St. Bernard's Meditation and Prayer.

THE chalice which thou, O sweetest Saviour Jesus, didst drink, hath made thee infinitely amiable; it was the work of my redemption. Certainly nothing does more pleasingly invite, or more profitably require, or more vehemently affect me, than this love: for by how much lower thou didst for me descend in the declinations of humility, by so much art thou dearer to me in the exaltations of thy charity and thy glory. Learn, O my soul, how thou oughtest to love Christ, who hath given us his flesh for meat, his blood for drink, the water of his side for our lavatory, and his own life for the price of our redemption. He is stark and dead cold, who is not set on fire by the burning and shining flames of such a charity.


Blessed Saviour Jesus, the Author and Finisher of our faith, the Fountain of life and salvation; by thee let us have access to thy heavenly Father, that, by thee, he may accept us, who, by thee, is revealed to us. Let thy innocence and purity procure pardon for our uncleanness and disobedience; let thy humility extinguish our pride and vanity; thy meekness extinguish our anger; and thy charity cover the multitude of our sins.


O blessed Advocate and Mediator, intercede for us with thy Father and ours, with thy God and ours: and grant that, by the grace which thou hast found, by the prerogative which thou hast deserved, by the mercy which thou hast purchased for us, that as thou wert partaker of our sufferings and infirmities, so we, by thy death and resurrection, and by thy infinite gracious intercession, may be made partakers of thy holiness and thy glory.


Let the brightness of thy divine grace for ever shine upon thy servants, that we, being purified from all error and infidelity, from weak fancies, and curious inquiries, may perceive and adore the wisdom and the love of God, in the truth and mysteriousness of this divine sacrament.
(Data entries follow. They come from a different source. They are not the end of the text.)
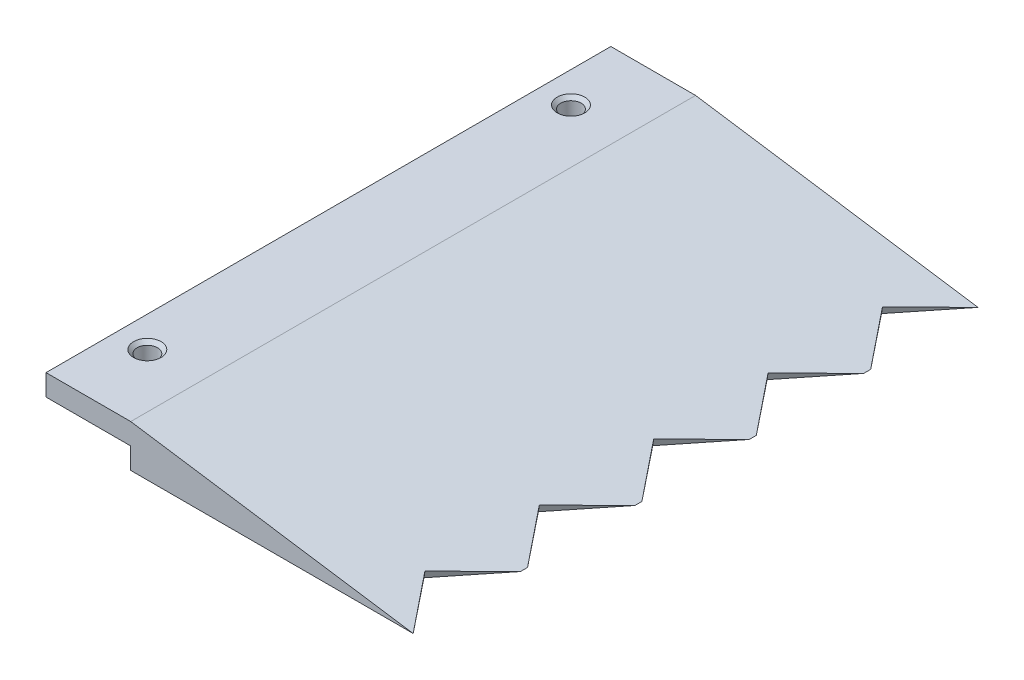
SolidWorks part; units mm, degrees
ref_plane "Front Plane" through (0, 0, 0) normal (0, 0, 1) x (1, 0, 0)
ref_plane "Top Plane" through (0, 0, 0) normal (0, 1, 0) x (1, 0, 0)
ref_plane "Right Plane" through (0, 0, 0) normal (1, 0, 0) x (0, 0, -1)
sketch "Sketch1" plane through (0, 0, 0) normal (0, 0, 1) x (1, 0, 0)
  line L0 (0, 6) -> (12, 6)
  line L1 (0, -55) -> (0, 55) construction
  line L2 (12, 6) -> (52, 0)
  line L3 (55, 0) -> (-55, 0) construction
  line L4 (52, 0) -> (12, 0)
  line L5 (12, 0) -> (12, 3)
  line L6 (12, 3) -> (0, 3)
  line L7 (0, 3) -> (0, 6)
  dimension "D1" = 40
  dimension "D2" = 3
  dimension "D3" = 3
  dimension "D4" = 12
extrude "Boss-Extrude1" add sketch "Sketch1" along normal mid plane 80
sketch "Sketch3" plane through (1.1443, 7.6284, 0) normal (0.1483, 0.9889, 0) x (0.9889, -0.1483, 0)
  line L15 (51.4247, -40) -> (45.4247, -32.4)
  line L16 (45.4247, -32.4) -> (51.4247, -24.8)
  line L17 (51.4247, -40) -> (51.4247, 40) construction
  line L18 (51.4247, -40) -> (51.4247, -24.8)
  line L25 (51.4247, -23.8) -> (51.4247, -8.6)
  line L26 (45.4247, -16.2) -> (51.4247, -8.6)
  line L27 (51.4247, -23.8) -> (45.4247, -16.2)
  line L28 (51.4247, -7.6) -> (51.4247, 7.6)
  line L29 (45.4247, 0) -> (51.4247, 7.6)
  line L30 (51.4247, -7.6) -> (45.4247, 0)
  line L31 (51.4247, 8.6) -> (51.4247, 23.8)
  line L32 (45.4247, 16.2) -> (51.4247, 23.8)
  line L33 (51.4247, 8.6) -> (45.4247, 16.2)
  line L34 (51.4247, 24.8) -> (51.4247, 40)
  line L35 (45.4247, 32.4) -> (51.4247, 40)
  line L36 (51.4247, 24.8) -> (45.4247, 32.4)
  dimension "D1" = 15.2
  dimension "D2" = 6
  dimension "D3" = 1
  dimension "D7" = 5
extrude "Cut-Extrude1" cut sketch "Sketch3" against normal mid plane 80
sketch "Sketch4" plane through (0, 6, 0) normal (0, 1, 0) x (1, 0, 0)
  line L0 (12, -40) -> (0, -40) construction
  line L1 (12, -40) -> (12, 40) construction
  line L2 (12, 40) -> (0, 40) construction
  circle A0 centre (4.35, -30) radius 1.45
  circle A1 centre (4.35, 30) radius 1.45
  dimension "D1" = 2.9
  dimension "D2" = 10
  dimension "D3" = 7.65
  dimension "D5" = 10
  dimension "D4" = 2
extrude "Cut-Extrude2" cut sketch "Sketch4" against normal mid plane 80
chamfer "Chamfer1" distance 0.5 angle 45 2 edges at (4.35, 6, 28.55) (4.35, 6, -31.45)
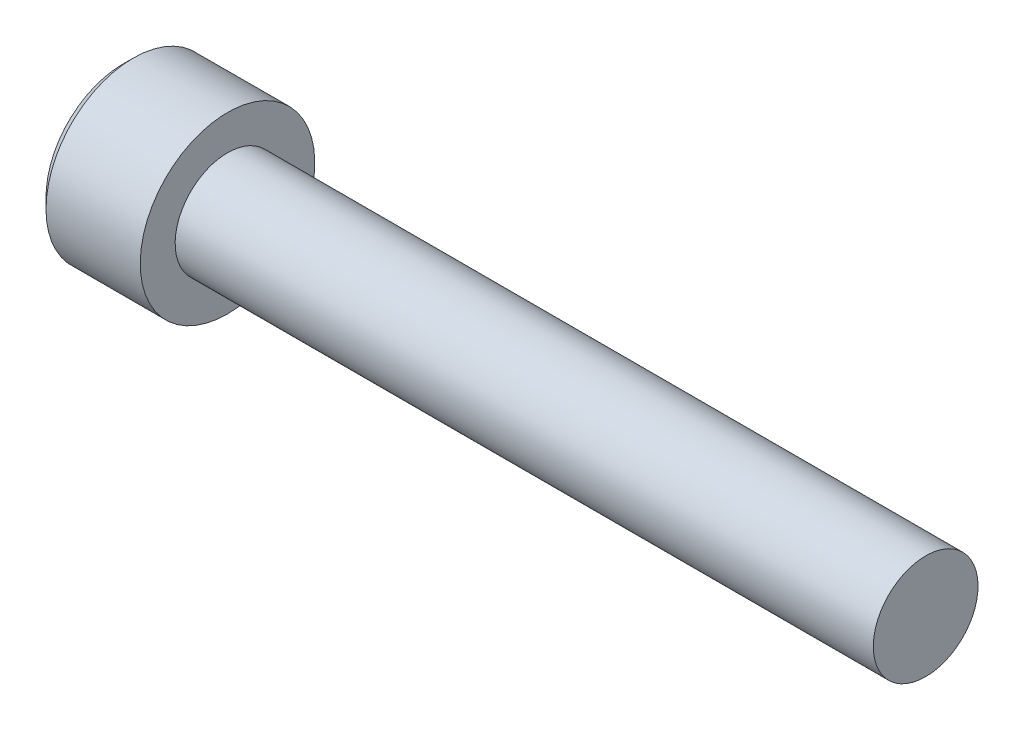
SolidWorks part; units mm, degrees
material "SCM435"
ref_plane "Front Plane" through (0, 0, 0) normal (0, 0, 1) x (1, 0, 0)
ref_plane "Top Plane" through (0, 0, 0) normal (0, 1, 0) x (1, 0, 0)
ref_plane "Right Plane" through (0, 0, 0) normal (1, 0, 0) x (0, 0, -1)
sketch "Sketch1" plane through (0, 0, 0) normal (0, 0, 1) x (1, 0, 0)
  line L0 (-6, 0) -> (40, 0) construction
  line L1 (0, 3) -> (40, 3)
  line L3 (-6, 0) -> (40, 0)
  line L4 (40, 3) -> (40, 0)
  line L6 (0, 3) -> (0, 5)
  line L7 (0, 5) -> (-6, 5)
  line L8 (-6, 0) -> (-6, 5)
  dimension "L" = 40
  dimension "M" = 6
  dimension "E" = 6
  dimension "A" = 10
revolve "Revolve1" add sketch "Sketch1" about L0
cosmetic thread "Thread1" parameters "L_s"=24, "ATD"=4.917
sketch "Sketch2" plane through (0, 0, 0) normal (0, 0, 1) x (1, 0, 0)
  line L0 (-6, 2.5) -> (-3, 2.5)
  line L1 (-6, 0) -> (-6, 5) construction
  line L2 (-3, 2.5) -> (-1.4978, 0)
  line L3 (-6, 0) -> (40, 0) construction
  line L4 (-1.4978, 0) -> (-6, 0) construction
  line L5 (-6, 0) -> (-6, 2.5)
  line L6 (-1.4978, 0) -> (-6, 0)
  dimension "FIX_2" = 59
  dimension "MSM_1" = 3
revolve "Cut-Revolve1" cut sketch "Sketch2" about L4
sketch "Sketch3" plane through (-6, 0, 0) normal (-1, 0, 0) x (0, 0, 1)
  line L0 (0, -3.025) -> (0, 3.025) construction
  line L1 (2.5, 1.4434) -> (0, 2.8868)
  line L2 (0, 2.8868) -> (-2.5, 1.4434)
  line L3 (-2.5, 1.4434) -> (-2.5, -1.4434)
  line L4 (-2.5, -1.4434) -> (0, -2.8868)
  line L5 (0, -2.8868) -> (2.5, -1.4434)
  line L6 (2.5, -1.4434) -> (2.5, 1.4434)
  circle A0 centre (0, 0) radius 2.5 construction
extrude "Cut-Extrude1" cut sketch "Sketch3" against normal blind 3
chamfer "Chamfer1" distance 0.6 1 edges at (-6, -5, 0)
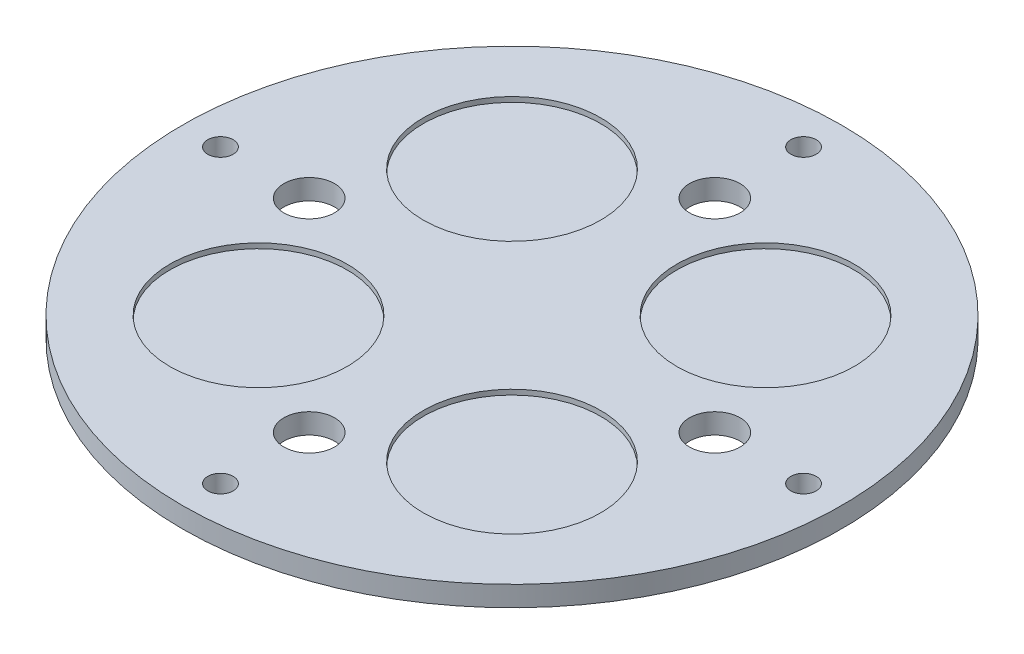
SolidWorks part; units mm, degrees
ref_plane "Front Plane" through (0, 0, 0) normal (0, 0, 1) x (1, 0, 0)
ref_plane "Top Plane" through (0, 0, 0) normal (0, 1, 0) x (1, 0, 0)
ref_plane "Right Plane" through (0, 0, 0) normal (1, 0, 0) x (0, 0, -1)
sketch "Sketch1" plane through (0, 0, 0) normal (0, 1, 0) x (1, 0, 0)
  circle A0 centre (0, 0) radius 17.5
  circle A1 centre (50, 0) radius 17.5
  circle A2 centre (50, -50) radius 17.5
  circle A3 centre (0, -50) radius 17.5
  circle A5 centre (25, -25) radius 65
  dimension "D1" = 35
  dimension "D4" = 130
  dimension "D2" = 50
  dimension "D3" = 50
extrude "Boss-Extrude2" add sketch "Sketch1" along normal blind 1
sketch "Sketch2" plane through (0, 0, 0) normal (0, -1, 0) x (1, 0, 0)
  circle A0 centre (25, 25) radius 65
  circle A1 centre (25, 25) radius 65 construction
extrude "Boss-Extrude3" add sketch "Sketch2" along normal blind 3
sketch "Sketch3" plane through (0, 1, 0) normal (0, 1, 0) x (1, 0, 0)
  circle A2 centre (25, 15) radius 5
  circle A3 centre (65, -25) radius 5
  circle A4 centre (25, -65) radius 5
  circle A5 centre (-15, -25) radius 5
  point P11 (25, -25)
  dimension "D1" = 4
  dimension "1" = 10
extrude "Cut-Extrude1" cut sketch "Sketch3" against normal through all
sketch "Sketch4" plane through (0, 1, 0) normal (0, 1, 0) x (1, 0, 0)
  circle A2 centre (25, 32.5) radius 2.5
  circle A3 centre (82.5, -25) radius 2.5
  circle A4 centre (25, -82.5) radius 2.5
  circle A5 centre (-32.5, -25) radius 2.5
  point P11 (25, -25)
  dimension "D1" = 4
  dimension "D2" = 5
extrude "Cut-Extrude2" cut sketch "Sketch4" against normal through all
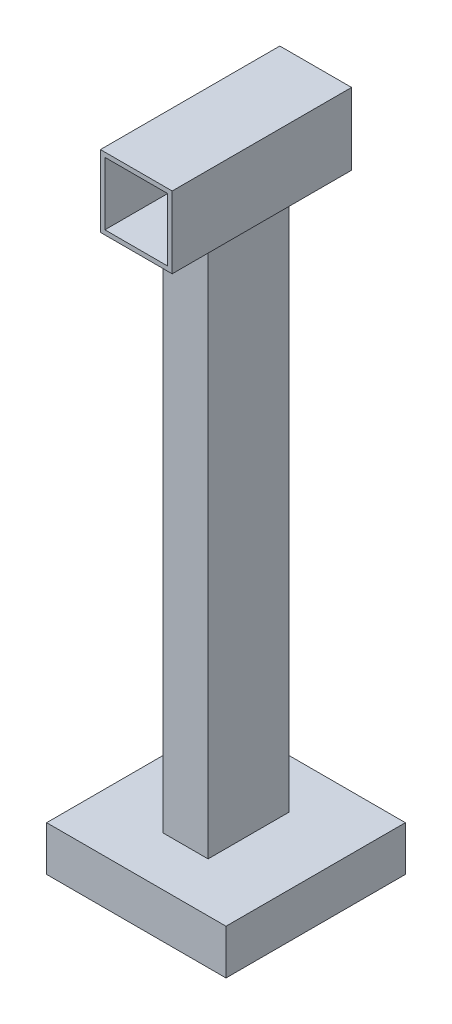
SolidWorks part; units mm, degrees
ref_plane "Plan de face" through (0, 0, 0) normal (0, 0, 1) x (1, 0, 0)
ref_plane "Plan de dessus" through (0, 0, 0) normal (0, 1, 0) x (1, 0, 0)
ref_plane "Plan de droite" through (0, 0, 0) normal (1, 0, 0) x (0, 0, -1)
sketch "Esquisse2" plane through (0, 0, 0) normal (0, 0, 1) x (1, 0, 0)
  line L1 (-20, 20) -> (20, 20)
  line L2 (-20, 20) -> (-20, -20)
  line L3 (-20, -20) -> (20, -20)
  line L4 (20, 20) -> (20, -20)
  line L5 (-20, 20) -> (20, -20) construction
  line L6 (-20, -20) -> (20, 20) construction
  line L8 (-17.5, 17.5) -> (17.5, 17.5)
  line L9 (-17.5, 17.5) -> (-17.5, -17.5)
  line L10 (-17.5, -17.5) -> (17.5, -17.5)
  line L11 (17.5, 17.5) -> (17.5, -17.5)
  line L12 (-17.5, 17.5) -> (17.5, -17.5) construction
  line L13 (-17.5, -17.5) -> (17.5, 17.5) construction
  point P0 (0, 0)
  point P6 (0, 0)
  dimension "D1" = 40
  dimension "D2" = 40
  dimension "D3" = 35
extrude "Boss.-Extru.1" add sketch "Esquisse2" along normal blind 100
sketch "Esquisse3" plane through (0, -20, 0) normal (0, -1, 0) x (1, 0, 0)
  line L0 (0, -12.4145) -> (0, 233.1361) construction
  line L1 (-20, 50) -> (20, 50) construction
  line L2 (-20, 100) -> (-20, 0) construction
  line L3 (20, 100) -> (20, 0) construction
  line L5 (-12.5, 72.5) -> (12.5, 72.5)
  line L6 (-12.5, 72.5) -> (-12.5, 27.5)
  line L7 (-12.5, 27.5) -> (12.5, 27.5)
  line L8 (12.5, 72.5) -> (12.5, 27.5)
  line L9 (-12.5, 72.5) -> (12.5, 27.5) construction
  line L10 (-12.5, 27.5) -> (12.5, 72.5) construction
  point P9 (0, 50)
  dimension "D1" = 25
  dimension "D2" = 45
extrude "Boss.-Extru.2" add sketch "Esquisse3" along normal blind 300
sketch "Esquisse4" plane through (0, -320, 0) normal (0, -1, 0) x (1, 0, 0)
  line L0 (0, 72.5) -> (0, 27.5) construction
  line L1 (12.5, 72.5) -> (-12.5, 72.5) construction
  line L2 (-12.5, 27.5) -> (12.5, 27.5) construction
  line L3 (-12.5, 50) -> (12.5, 50) construction
  line L4 (-12.5, 72.5) -> (-12.5, 27.5) construction
  line L5 (12.5, 27.5) -> (12.5, 72.5) construction
  line L7 (-50, 100) -> (50, 100)
  line L8 (-50, 100) -> (-50, 0)
  line L9 (-50, 0) -> (50, 0)
  line L10 (50, 100) -> (50, 0)
  line L11 (-50, 100) -> (50, 0) construction
  line L12 (-50, 0) -> (50, 100) construction
  point P12 (0, 50)
  dimension "D1" = 100
  dimension "D2" = 100
extrude "Boss.-Extru.3" add sketch "Esquisse4" along normal blind 25
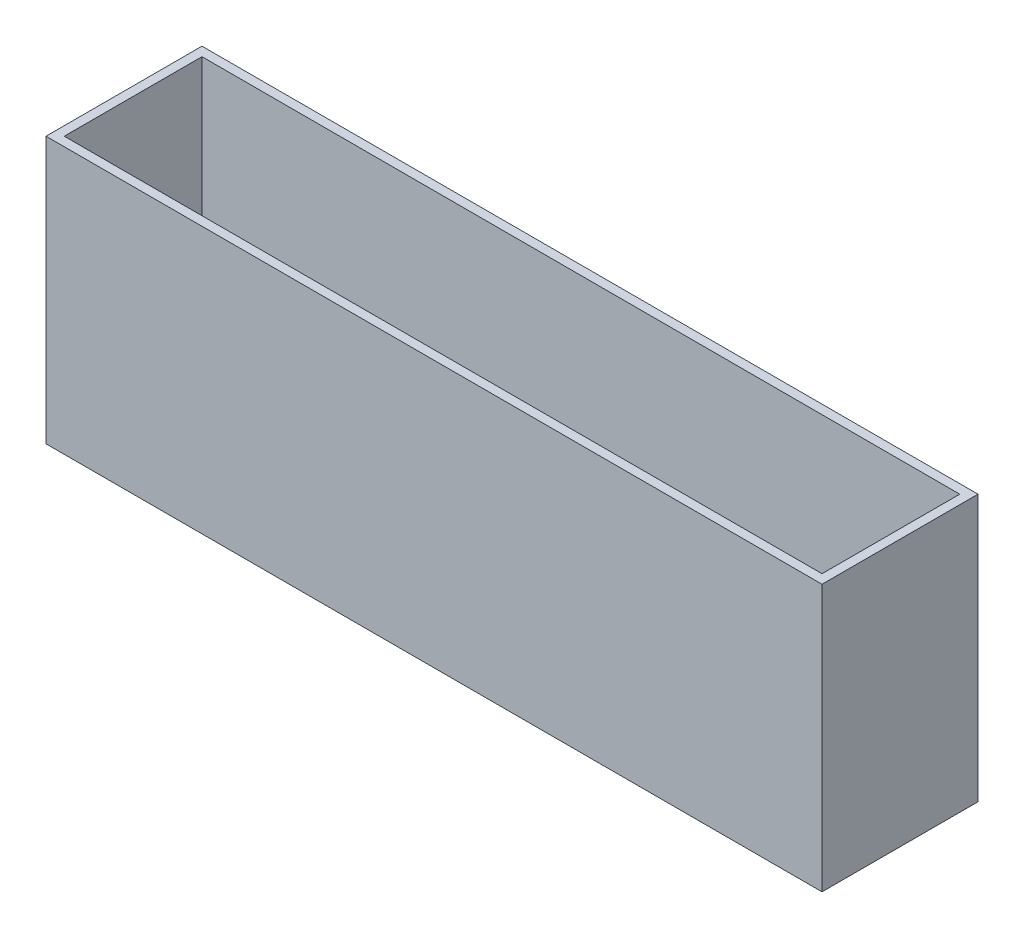
SolidWorks part; units mm, degrees
ref_plane "Front Plane" through (0, 0, 0) normal (0, 0, 1) x (1, 0, 0)
ref_plane "Top Plane" through (0, 0, 0) normal (0, 1, 0) x (1, 0, 0)
ref_plane "Right Plane" through (0, 0, 0) normal (1, 0, 0) x (0, 0, -1)
sketch "Sketch1" plane through (0, 0, 0) normal (0, 0, 1) x (1, 0, 0)
  line L0 (45.4216, 53.4962) -> (-228.8418, 53.4962) construction
  line L7 (46.4216, 52.5339) -> (46.4216, -445.9962) construction
  line L8 (-218.8418, 35.7162) -> (36.4216, 35.7162)
  line L9 (-218.8418, 35.7162) -> (-218.8418, -51.9138)
  line L10 (-218.8418, -51.9138) -> (36.4216, -51.9138)
  line L11 (36.4216, 35.7162) -> (36.4216, -51.9138)
  line L12 (-228.8418, 53.4962) -> (-228.8418, -444.851) construction
  dimension "D1" = 10
  dimension "D2" = 10
  dimension "D3" = 87.63
  dimension "D4" = 17.78
extrude "Boss-Extrude1" add sketch "Sketch1" along normal blind 51.308
shell "Shell1" thickness 3
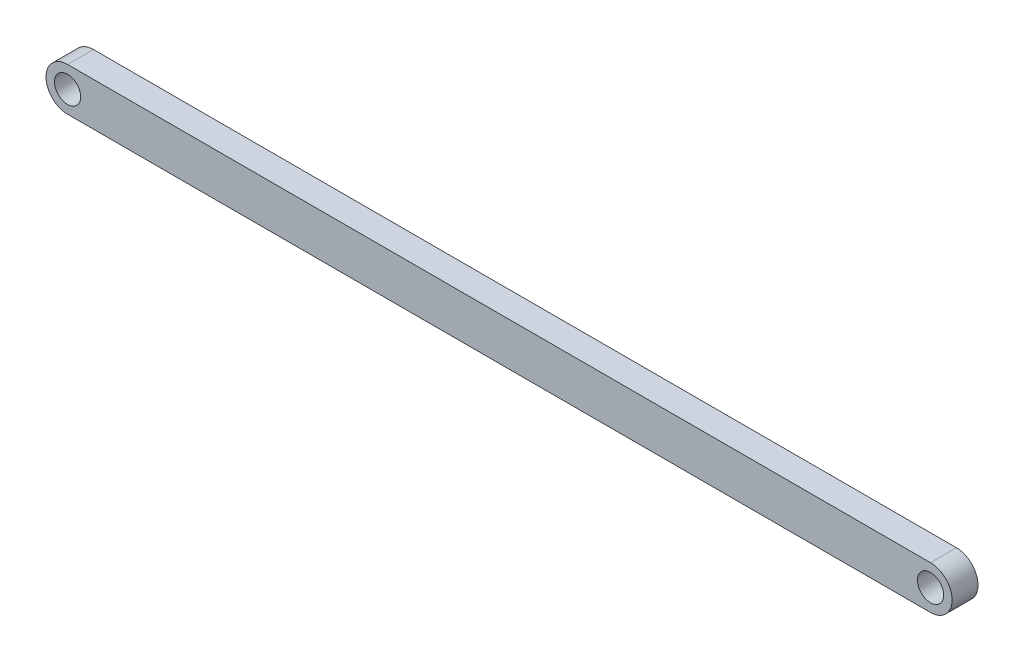
SolidWorks part; units mm, degrees
ref_plane "Plan de face" through (0, 0, 0) normal (0, 0, 1) x (1, 0, 0)
ref_plane "Plan de dessus" through (0, 0, 0) normal (0, 1, 0) x (1, 0, 0)
ref_plane "Plan de droite" through (0, 0, 0) normal (1, 0, 0) x (0, 0, -1)
sketch "Esquisse1" plane through (0, 0, 0) normal (0, 0, 1) x (1, 0, 0)
  line L0 (-76.2061, 0) -> (423.7939, 0) construction
  line L1 (-76.2061, 12.5) -> (423.7939, 12.5)
  line L2 (-76.2061, -12.5) -> (423.7939, -12.5)
  arc A0 (-76.2061, 12.5) -> (-76.2061, -12.5) centre (-76.2061, 0) ccw
  arc A1 (423.7939, -12.5) -> (423.7939, 12.5) centre (423.7939, 0) ccw
  circle A2 centre (-76.2061, 0) radius 7.6
  circle A3 centre (423.7939, 0) radius 7.6
  point P3 (173.7939, 0)
  dimension "D1" = 15.2
  dimension "D2" = 15.2
extrude "Boss.-Extru.1" add sketch "Esquisse1" along normal blind 15

And be pleased to lighten in our spirits such a burning love, and such a shining devotion, that we may truly receive thee, and be united unto thee; that we may feed on thee the celestial manna, and may, with an eye of faith, see thee under the cloud, and in the veil; and, at last, may see thee in the brightest effusions of thy glory. Amen.

A Confession of Faith in Order to the Mysteries of the Holy Sucrament, taken out of the Liturgy of St. Clement; to be used in the Days of Preparation and Communion.

HOLY, holy, holy, Lord God of Sabaoth; heaven and earth are full of thy glory. Blessed art thou, O God; and blessed is thy name for ever and ever. Amen.

For thou art holy; and in all things, thou art sanctified and most exalted; and sittest on high above all, for ever and


Holy is thine only begotten Son, our Lord, Jesus Christ; who, in all things, did minister to thee his God and Father, both in the creation of the world, and in the excellent providence and conservation of it. He suffered not mankind to perish; but gave to him the law of nature, and a law written in tables of stone, and reproved them by his prophets, and sent his angel to be their guards. And when men had violated the natural law, and broken that which was written, -when they had forgotten the divine judgment manifested in the deluge upon the old world, in fire from heaven upon Sodom and Gomorrah, in many plagues upon the Egyptians, in the slaughters of the Philistines,-and when the wrath of God did hang over all the world for their iniquity, according to thy will, he who made man, resolved to become a man; he who is the Lawgiver, would be subject to laws; he

that is the High Priest, would be made a sacrifice; and the great Shepherd of our souls, would be a lamb, and be slain for us. Thee, his God and Father, he appeased, and reconciled unto the world, and freed all men from the instant anger. He was born of a virgin, born in flesh; he is God, and the Word, and the beloved Son, the first-born of every creature, according to the prophecies which went before him, of the seed of Abraham and David, and of the tribe of Judah.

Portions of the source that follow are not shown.